[DATA RECORDS]:
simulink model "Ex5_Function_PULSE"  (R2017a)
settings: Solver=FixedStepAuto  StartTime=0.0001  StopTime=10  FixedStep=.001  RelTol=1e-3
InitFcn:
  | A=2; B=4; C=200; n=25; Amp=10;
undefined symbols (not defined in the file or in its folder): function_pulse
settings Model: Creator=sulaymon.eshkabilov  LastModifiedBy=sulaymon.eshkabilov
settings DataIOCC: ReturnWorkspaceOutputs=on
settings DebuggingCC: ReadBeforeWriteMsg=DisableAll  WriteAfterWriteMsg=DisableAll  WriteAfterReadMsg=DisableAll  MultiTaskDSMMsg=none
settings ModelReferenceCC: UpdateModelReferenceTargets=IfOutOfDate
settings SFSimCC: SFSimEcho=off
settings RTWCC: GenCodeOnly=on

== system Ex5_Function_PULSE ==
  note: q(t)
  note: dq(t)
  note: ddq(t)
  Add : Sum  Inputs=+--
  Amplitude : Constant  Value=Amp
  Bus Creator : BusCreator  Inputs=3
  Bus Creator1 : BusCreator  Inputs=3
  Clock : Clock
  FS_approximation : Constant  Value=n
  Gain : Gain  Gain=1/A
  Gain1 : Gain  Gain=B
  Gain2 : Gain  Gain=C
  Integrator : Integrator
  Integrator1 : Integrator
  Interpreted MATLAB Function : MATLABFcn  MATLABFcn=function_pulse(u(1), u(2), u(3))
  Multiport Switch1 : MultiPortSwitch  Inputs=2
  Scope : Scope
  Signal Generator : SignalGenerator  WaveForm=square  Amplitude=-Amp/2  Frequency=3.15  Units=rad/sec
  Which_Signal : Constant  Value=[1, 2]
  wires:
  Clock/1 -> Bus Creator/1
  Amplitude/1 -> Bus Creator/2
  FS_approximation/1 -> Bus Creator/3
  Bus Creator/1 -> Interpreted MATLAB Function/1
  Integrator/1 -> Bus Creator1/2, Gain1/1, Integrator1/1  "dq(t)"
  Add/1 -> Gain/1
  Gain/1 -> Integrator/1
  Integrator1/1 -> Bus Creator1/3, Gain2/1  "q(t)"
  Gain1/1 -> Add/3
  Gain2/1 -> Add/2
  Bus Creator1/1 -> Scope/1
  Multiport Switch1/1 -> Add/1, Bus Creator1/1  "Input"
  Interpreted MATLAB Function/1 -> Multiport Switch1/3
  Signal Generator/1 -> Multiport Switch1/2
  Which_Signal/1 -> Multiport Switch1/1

[WORK TO COMPLETE]: Copy exactly the stretch of data above from the line with "Bus Creator : BusCreator" through the line with "Interpreted MATLAB Function : MATLABFcn", and omit all other lines.

[RESULT FOR THIS EXERCISE]:
  Bus Creator : BusCreator  Inputs=3
  Bus Creator1 : BusCreator  Inputs=3
  Clock : Clock
  FS_approximation : Constant  Value=n
  Gain : Gain  Gain=1/A
  Gain1 : Gain  Gain=B
  Gain2 : Gain  Gain=C
  Integrator : Integrator
  Integrator1 : Integrator
  Interpreted MATLAB Function : MATLABFcn  MATLABFcn=function_pulse(u(1), u(2), u(3))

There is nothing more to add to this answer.